Start of Block

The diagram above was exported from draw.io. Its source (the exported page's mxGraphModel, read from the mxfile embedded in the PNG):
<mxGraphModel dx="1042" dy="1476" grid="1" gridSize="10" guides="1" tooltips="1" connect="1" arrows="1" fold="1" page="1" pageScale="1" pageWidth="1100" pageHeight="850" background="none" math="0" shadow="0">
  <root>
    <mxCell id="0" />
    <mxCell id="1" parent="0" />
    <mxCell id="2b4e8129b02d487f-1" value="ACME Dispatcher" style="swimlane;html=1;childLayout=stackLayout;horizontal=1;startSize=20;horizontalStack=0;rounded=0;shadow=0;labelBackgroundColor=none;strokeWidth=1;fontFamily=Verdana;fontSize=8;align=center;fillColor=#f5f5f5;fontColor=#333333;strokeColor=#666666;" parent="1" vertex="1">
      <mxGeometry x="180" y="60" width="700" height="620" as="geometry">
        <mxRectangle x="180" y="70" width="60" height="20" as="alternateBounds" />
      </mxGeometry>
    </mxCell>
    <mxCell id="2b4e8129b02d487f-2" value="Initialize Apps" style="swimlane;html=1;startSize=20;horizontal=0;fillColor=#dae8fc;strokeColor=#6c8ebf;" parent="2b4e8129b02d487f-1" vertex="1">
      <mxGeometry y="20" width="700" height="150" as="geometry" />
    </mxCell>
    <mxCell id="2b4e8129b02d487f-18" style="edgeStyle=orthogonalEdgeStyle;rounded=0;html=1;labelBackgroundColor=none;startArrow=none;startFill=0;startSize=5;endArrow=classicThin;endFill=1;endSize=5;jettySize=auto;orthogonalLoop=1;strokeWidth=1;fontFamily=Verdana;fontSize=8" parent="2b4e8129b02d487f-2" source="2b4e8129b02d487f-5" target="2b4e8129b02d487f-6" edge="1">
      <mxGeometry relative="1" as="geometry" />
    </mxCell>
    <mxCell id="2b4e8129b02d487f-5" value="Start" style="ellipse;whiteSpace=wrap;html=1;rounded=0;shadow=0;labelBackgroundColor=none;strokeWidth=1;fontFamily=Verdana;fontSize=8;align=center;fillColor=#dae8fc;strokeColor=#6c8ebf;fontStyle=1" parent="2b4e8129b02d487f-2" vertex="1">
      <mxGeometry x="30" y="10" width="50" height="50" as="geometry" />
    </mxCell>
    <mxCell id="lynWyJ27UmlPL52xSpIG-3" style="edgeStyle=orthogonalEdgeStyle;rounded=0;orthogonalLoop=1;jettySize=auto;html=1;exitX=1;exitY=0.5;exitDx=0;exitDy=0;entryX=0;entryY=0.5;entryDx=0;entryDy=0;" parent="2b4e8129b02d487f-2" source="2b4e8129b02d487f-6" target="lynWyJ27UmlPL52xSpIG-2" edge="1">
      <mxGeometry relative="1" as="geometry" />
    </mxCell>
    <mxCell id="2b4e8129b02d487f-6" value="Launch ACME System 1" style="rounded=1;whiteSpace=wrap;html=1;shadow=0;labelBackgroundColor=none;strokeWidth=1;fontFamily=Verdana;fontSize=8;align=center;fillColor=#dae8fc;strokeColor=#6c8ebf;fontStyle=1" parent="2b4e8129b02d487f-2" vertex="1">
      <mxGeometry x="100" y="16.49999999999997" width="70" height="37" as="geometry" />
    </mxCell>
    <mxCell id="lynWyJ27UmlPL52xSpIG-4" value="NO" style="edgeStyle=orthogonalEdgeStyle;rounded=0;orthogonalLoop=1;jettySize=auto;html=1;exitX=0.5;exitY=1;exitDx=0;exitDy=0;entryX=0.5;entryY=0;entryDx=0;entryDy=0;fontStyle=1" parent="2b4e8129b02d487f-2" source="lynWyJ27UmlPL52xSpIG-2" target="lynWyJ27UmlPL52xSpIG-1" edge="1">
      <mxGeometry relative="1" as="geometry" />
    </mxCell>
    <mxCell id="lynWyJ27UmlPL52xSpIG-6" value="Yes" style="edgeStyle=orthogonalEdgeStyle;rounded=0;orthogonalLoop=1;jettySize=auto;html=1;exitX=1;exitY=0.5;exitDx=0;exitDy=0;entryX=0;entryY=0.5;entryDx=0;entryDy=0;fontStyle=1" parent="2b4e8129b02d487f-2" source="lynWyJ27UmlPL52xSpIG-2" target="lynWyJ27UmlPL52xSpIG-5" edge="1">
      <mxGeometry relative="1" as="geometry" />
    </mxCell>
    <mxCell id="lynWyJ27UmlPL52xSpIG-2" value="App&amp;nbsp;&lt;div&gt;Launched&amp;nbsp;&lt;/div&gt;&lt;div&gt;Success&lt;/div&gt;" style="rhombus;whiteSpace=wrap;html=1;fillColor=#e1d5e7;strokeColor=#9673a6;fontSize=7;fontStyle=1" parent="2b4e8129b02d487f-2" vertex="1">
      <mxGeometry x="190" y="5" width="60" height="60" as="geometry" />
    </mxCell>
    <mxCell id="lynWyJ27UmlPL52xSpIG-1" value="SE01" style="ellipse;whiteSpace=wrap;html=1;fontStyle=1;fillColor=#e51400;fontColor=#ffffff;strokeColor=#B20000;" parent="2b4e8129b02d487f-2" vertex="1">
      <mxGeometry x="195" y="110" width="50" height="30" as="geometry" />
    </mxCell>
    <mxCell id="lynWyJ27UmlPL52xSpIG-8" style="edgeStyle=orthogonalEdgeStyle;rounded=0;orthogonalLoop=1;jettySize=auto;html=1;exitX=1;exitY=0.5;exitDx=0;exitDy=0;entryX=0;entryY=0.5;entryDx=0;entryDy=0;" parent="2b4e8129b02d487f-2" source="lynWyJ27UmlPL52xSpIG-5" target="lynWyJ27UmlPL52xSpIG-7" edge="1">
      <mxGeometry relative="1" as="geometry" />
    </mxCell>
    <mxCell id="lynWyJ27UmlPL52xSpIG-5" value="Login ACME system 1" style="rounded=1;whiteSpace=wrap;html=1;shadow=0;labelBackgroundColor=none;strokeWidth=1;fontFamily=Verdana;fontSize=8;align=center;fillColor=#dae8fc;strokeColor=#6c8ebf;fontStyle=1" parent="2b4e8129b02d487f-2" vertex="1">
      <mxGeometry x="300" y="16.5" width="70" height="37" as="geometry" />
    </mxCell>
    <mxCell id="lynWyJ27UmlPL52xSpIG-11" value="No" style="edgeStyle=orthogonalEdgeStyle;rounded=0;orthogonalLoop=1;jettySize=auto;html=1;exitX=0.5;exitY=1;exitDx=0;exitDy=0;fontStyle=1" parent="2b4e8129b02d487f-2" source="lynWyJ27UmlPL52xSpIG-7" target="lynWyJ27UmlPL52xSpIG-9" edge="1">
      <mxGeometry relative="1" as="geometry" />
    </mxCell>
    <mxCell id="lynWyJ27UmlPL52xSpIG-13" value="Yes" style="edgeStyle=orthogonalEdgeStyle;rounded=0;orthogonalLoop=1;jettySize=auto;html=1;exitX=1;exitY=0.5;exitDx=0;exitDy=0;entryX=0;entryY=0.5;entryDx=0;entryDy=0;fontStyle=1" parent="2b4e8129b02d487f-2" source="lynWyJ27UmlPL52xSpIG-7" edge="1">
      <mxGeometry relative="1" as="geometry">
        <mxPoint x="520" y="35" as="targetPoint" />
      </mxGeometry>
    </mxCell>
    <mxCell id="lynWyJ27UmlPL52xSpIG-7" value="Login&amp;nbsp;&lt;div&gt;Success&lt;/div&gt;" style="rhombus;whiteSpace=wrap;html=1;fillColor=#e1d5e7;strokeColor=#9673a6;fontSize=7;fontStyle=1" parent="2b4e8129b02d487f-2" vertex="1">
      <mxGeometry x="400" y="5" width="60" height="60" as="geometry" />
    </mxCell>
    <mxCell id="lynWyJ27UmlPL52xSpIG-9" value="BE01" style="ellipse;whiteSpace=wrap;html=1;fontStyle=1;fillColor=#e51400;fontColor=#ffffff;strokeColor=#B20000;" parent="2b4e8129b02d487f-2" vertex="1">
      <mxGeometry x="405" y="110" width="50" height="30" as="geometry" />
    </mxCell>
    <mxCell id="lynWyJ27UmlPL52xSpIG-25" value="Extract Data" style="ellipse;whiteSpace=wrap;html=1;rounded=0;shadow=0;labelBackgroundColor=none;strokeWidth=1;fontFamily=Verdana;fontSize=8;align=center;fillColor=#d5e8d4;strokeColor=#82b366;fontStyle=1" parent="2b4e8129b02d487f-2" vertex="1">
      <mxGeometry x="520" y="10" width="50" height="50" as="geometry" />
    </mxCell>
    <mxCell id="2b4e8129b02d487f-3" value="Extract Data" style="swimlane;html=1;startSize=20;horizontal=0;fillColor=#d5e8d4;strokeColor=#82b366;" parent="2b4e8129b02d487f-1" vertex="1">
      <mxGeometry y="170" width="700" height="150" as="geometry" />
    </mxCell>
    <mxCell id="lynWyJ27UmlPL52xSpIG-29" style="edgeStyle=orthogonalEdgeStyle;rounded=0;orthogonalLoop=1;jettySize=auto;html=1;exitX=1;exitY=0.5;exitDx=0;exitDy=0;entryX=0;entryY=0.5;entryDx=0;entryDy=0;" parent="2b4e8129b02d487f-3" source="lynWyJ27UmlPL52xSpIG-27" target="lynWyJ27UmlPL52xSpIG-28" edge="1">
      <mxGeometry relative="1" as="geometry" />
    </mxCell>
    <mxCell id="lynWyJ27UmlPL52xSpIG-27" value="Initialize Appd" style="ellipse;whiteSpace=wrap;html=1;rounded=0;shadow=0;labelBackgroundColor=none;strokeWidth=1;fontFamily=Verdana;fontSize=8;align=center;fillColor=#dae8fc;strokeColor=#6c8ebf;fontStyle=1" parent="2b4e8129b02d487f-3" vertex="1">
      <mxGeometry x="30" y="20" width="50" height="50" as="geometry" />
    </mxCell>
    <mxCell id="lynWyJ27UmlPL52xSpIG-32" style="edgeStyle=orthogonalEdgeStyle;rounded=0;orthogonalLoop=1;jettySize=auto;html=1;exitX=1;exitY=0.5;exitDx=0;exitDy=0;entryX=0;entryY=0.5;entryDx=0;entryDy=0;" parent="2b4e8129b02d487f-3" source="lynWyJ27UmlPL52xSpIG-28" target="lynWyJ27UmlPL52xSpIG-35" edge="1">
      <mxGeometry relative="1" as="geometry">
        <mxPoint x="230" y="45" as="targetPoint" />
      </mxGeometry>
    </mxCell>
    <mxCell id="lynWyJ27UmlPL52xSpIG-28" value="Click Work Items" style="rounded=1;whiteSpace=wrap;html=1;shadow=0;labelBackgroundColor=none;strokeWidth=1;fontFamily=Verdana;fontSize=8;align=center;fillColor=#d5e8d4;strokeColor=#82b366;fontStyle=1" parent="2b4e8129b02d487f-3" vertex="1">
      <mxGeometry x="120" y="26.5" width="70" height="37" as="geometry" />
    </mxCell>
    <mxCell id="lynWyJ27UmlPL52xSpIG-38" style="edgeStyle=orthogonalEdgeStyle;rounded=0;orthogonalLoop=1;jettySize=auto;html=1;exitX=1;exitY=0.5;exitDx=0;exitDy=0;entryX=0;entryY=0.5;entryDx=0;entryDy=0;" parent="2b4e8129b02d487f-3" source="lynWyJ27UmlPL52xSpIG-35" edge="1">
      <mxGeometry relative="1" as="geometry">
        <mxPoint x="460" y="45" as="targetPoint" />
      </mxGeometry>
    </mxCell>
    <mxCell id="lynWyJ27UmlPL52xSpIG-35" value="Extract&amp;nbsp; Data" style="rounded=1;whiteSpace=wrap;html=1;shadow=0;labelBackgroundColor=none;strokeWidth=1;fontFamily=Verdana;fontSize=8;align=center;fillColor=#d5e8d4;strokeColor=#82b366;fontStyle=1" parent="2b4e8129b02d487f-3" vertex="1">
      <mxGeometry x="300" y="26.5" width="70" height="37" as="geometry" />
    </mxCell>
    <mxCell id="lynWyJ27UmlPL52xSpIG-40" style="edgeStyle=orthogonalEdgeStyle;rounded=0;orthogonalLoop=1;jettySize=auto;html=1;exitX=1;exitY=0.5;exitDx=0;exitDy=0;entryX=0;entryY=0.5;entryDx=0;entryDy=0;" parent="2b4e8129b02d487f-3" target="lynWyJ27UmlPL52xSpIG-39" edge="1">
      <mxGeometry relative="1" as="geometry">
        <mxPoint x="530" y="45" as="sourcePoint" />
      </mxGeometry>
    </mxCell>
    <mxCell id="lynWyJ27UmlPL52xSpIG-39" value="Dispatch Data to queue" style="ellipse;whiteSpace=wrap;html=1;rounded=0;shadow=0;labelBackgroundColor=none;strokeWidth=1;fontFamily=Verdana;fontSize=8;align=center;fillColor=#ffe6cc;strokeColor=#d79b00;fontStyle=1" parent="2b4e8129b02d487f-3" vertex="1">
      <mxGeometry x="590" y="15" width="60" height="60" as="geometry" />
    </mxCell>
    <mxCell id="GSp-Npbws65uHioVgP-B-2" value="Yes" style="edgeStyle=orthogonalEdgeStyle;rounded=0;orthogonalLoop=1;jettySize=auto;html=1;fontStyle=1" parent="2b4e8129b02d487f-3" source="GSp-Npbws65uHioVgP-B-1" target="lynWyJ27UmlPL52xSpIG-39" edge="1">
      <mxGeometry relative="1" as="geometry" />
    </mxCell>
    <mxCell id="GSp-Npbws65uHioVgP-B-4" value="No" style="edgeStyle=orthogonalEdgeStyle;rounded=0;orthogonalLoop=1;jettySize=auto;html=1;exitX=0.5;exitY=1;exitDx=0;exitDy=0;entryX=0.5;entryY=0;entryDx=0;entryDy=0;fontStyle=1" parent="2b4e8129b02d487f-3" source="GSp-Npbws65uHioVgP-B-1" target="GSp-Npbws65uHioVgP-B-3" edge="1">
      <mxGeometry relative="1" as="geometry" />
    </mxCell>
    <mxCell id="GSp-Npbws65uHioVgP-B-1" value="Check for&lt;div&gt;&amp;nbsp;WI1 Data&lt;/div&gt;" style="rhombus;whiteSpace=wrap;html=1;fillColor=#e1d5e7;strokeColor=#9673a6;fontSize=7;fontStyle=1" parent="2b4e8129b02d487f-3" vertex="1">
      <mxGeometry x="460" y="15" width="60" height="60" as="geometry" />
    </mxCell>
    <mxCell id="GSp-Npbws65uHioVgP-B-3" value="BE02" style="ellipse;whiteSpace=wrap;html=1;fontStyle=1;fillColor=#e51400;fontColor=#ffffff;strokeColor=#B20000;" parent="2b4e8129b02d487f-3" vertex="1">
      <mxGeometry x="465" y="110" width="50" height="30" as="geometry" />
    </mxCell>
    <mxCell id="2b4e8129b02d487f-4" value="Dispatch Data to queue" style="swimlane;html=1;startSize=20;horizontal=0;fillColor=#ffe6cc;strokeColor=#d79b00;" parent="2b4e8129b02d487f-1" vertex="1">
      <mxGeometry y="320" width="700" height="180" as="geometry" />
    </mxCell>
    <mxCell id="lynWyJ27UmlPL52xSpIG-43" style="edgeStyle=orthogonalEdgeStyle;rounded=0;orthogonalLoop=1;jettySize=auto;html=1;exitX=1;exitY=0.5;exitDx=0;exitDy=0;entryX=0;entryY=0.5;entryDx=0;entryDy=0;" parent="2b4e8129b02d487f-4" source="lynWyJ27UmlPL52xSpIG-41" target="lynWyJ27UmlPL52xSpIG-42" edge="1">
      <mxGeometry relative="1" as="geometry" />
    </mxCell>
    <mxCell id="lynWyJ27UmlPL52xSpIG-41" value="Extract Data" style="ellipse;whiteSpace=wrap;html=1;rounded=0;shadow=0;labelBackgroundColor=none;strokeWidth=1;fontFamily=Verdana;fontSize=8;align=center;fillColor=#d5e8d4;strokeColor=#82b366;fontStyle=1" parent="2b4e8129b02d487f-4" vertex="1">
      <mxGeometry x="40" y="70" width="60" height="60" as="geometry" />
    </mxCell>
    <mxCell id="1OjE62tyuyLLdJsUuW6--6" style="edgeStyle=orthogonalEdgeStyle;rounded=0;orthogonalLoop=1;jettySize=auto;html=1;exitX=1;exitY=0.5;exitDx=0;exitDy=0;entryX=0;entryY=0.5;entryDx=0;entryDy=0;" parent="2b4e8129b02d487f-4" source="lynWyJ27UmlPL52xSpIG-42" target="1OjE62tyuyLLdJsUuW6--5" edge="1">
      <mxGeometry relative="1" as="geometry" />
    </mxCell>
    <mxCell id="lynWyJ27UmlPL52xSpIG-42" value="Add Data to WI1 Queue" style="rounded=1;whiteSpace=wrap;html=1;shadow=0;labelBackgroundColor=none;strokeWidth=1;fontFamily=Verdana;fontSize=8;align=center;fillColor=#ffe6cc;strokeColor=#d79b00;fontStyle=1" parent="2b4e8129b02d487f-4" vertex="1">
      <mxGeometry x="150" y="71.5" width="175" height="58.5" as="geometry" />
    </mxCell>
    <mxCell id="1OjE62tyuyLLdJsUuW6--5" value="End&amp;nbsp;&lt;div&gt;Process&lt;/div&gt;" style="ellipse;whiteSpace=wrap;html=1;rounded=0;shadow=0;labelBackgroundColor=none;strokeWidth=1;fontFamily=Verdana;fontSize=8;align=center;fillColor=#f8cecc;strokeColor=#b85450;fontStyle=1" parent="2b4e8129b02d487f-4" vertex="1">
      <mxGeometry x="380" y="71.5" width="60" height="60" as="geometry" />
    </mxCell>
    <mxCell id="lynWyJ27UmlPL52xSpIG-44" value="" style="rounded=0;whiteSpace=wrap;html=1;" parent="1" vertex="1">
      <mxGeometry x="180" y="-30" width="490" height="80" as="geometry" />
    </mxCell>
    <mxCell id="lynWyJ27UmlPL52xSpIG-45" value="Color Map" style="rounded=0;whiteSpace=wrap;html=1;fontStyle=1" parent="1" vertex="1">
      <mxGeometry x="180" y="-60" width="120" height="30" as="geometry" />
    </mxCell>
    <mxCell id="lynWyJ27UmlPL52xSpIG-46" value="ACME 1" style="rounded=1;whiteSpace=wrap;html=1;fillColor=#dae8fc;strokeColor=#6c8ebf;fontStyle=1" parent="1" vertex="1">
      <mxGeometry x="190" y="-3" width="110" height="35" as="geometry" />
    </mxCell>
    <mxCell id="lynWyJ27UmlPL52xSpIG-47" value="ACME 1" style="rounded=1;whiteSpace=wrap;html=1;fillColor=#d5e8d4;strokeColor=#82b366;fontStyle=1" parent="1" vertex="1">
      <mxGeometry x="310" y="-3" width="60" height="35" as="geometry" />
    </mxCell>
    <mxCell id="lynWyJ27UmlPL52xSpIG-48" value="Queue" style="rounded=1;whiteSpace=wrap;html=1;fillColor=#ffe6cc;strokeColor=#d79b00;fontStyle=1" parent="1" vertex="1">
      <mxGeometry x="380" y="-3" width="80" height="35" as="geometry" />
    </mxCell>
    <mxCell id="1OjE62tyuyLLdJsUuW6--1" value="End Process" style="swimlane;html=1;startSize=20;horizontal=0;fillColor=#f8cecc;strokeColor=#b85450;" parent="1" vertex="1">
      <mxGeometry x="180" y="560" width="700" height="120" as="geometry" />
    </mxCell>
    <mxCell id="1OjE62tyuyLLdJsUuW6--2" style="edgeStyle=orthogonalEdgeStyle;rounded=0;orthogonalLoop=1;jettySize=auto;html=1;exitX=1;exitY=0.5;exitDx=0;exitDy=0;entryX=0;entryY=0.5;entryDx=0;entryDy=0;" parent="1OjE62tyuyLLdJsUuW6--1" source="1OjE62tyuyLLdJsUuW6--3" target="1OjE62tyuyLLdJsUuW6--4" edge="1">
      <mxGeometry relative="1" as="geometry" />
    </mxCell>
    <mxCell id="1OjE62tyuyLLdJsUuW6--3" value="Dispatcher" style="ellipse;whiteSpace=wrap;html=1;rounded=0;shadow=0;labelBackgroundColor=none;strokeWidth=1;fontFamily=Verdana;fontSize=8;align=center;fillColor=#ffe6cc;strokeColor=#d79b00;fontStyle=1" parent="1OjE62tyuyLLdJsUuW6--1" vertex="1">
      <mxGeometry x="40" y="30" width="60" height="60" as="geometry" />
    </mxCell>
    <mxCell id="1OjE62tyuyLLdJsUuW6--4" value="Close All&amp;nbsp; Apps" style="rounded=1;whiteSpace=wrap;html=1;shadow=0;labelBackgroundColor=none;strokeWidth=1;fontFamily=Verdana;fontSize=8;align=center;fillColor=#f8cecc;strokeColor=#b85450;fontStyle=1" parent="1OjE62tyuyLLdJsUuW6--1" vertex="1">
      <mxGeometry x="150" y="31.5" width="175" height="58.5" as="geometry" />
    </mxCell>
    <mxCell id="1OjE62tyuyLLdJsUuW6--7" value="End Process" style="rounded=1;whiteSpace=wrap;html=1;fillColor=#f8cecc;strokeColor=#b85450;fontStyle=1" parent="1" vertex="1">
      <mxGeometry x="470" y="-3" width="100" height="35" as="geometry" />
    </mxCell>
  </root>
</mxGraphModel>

End of Block

Your objective:
Filter the data for the string "targetPoint". Copy each matching line.

Task output:
        <mxPoint x="520" y="35" as="targetPoint" />
        <mxPoint x="230" y="45" as="targetPoint" />
        <mxPoint x="460" y="45" as="targetPoint" />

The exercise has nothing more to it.